I fail to see the link between the idea of gay marriage and the erosion of heterosexual marriages and the abundant single-parent births. Heterosexual marriages are eroding because women have a bigger voice in marriages than they did before, which means the union is more egalitarian, and people do not stay in relationships that they see as toxic for the rest of their lives. Divorce rates were much lower in the past, partially because laws prohibited them, partially because certain religions frowned deeply upon them, and partially because there was a social stigma to divorce. In no way does gay marriage have anything to do with that. Furthermore, single-parent families are high in the brown and black communities because of lack of adequate sex education, high incarceration rates that take one parent away due to racially skewed enforcement of laws, and laws written deliberately racially skewed against brown and black people. Our history of slavery is a prime example of how rare a nuclear style family was among blacks. Many times, our women were raped by their own masters, and our men were studded like dogs or bulls. These were a bigger affront to the nuclear family than same-sex marriage. The example of the runaway slave who travelled miles to reunite with his beloved as proof of the strength of the nuclear family is not the best example to use if illustrating a logical or rational argument. His motivations were most likely purely emotional, and it is likely that a man who is in love with another man would endure the same tribulations to be with his beloved.

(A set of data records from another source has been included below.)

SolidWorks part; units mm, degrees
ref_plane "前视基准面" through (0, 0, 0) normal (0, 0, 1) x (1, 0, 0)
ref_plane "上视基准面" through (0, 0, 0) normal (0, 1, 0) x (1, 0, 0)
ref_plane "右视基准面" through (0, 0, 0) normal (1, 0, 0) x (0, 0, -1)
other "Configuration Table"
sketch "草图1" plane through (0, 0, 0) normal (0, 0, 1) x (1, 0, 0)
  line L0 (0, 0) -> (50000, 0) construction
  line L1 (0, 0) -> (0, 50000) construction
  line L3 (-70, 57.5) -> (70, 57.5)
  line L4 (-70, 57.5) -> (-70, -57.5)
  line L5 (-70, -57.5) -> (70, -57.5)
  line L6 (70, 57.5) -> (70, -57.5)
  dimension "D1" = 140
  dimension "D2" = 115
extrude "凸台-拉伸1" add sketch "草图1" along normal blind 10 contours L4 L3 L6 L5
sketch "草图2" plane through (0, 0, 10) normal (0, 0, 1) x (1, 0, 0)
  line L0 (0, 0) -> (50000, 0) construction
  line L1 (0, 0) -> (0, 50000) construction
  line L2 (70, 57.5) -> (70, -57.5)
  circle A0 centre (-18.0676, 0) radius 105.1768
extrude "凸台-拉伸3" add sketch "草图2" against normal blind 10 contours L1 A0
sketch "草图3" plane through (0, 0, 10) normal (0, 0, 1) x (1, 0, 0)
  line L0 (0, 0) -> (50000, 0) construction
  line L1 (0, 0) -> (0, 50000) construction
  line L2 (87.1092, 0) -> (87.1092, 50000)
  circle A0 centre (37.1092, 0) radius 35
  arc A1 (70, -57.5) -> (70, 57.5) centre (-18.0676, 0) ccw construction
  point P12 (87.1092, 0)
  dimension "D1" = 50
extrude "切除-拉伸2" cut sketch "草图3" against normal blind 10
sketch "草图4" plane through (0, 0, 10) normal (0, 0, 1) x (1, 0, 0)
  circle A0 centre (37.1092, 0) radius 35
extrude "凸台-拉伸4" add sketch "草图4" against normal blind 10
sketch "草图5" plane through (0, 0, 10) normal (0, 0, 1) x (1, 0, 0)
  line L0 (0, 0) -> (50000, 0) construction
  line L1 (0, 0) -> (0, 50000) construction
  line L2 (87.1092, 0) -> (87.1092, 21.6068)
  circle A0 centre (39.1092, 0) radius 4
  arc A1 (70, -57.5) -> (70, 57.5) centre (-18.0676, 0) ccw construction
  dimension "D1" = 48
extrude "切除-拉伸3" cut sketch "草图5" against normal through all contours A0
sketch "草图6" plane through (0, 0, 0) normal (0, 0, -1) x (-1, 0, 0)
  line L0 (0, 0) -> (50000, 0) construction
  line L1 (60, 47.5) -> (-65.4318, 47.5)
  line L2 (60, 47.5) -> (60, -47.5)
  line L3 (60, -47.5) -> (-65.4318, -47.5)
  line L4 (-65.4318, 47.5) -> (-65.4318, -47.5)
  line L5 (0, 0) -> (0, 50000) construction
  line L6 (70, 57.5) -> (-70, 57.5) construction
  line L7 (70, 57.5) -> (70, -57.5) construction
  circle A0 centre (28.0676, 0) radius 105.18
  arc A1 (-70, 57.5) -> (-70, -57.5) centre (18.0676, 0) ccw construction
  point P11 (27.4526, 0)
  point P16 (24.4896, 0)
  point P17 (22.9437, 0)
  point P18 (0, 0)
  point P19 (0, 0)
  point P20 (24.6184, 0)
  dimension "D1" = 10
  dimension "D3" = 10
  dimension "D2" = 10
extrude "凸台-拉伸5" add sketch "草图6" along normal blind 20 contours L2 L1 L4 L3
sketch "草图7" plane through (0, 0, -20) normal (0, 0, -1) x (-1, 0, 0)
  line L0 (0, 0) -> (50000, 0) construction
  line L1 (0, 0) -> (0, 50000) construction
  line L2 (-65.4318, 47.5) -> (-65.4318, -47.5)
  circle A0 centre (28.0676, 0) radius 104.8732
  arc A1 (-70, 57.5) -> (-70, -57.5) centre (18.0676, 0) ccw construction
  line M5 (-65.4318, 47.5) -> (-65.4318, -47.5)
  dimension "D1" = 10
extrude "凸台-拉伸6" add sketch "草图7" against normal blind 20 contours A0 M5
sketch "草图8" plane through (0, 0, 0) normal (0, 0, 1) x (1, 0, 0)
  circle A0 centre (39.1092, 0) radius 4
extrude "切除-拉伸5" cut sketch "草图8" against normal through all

I will agree that marriage is not a right guaranteed in the Constitution, whether gay, straight, or otherwise. However, our government recognizes civil marriages and affords benefits to couples based on their marital status. To award one couple of tax paying citizens these benefits and not another couple of similar socioeconomic status who dutifully pay the same amount of taxes based on their gender is not only not fair, it is discriminatory and unlawful.


Beyond-Politics profile image

Beyond-Politics 14 months ago from The Known Universe (beyond.the.spectrum@gmail.com) Author

I never meant to imply a link between same-sex relationships and divorce. However, if I may point out that while homosexuality manifest itself--albeit peripherally--in the animal kingdom, so too does hoarding...which is considered a psychological disorder in humans, according to the DSM-IV, so thats really a valid conparison or validation.


Chris Thompson 14 months ago

Yes, DSM-IV considers hoarding a psychological disorder, but it also no longer considers homosexuality a psychological disorder. This is all thanks to advances in psychology, psychiatry, and physiology.

As I said, we will likely never see eye to eye on this issue, especially when gay couples are creating their own families with children to no detriment to society.


Beyond-Politics profile image

Beyond-Politics 14 months ago from The Known Universe (beyond.the.spectrum@gmail.com) Author

I actually read and researched the history behind the APAs vote to eliminate homosexuality from the DSM. An involved tale, but there were a lot of gay mental health professionals involved in influencing this decision and the subsequent vote (gay psychologists, gay counsrlors, etc. Hardly impartial). Also, the gay-rights movement was just getting started as an additional influencing factor. Lastly, the vote by the full voting body (not the decision-making committee) of the APA to remove homosexuality from the DSM was passed by a single vote...hardly a mandate. True, strides have been made in mental health overall, but my point is that just because homosexuality is "natural" doesnt mean its normal. Many human abnormalities are "natural," including cleft pallets, Down's Syndrome, my own Asperger's Syndrome, Progeria, and a host of other afflictions. But it doesnt mean those who have them are "normal."


Chris Thompson 14 months ago

"Normal" is a fallacy. If we were to consider the most common person in the world the standard, then "normal" would be a Han Chinese man, and yet if we were to believe what is fed to us in media, "normal" is a straight white Christian man.

Regardless, this chat was fun, and I mean that sincerely. Enjoy your day, wherever you are.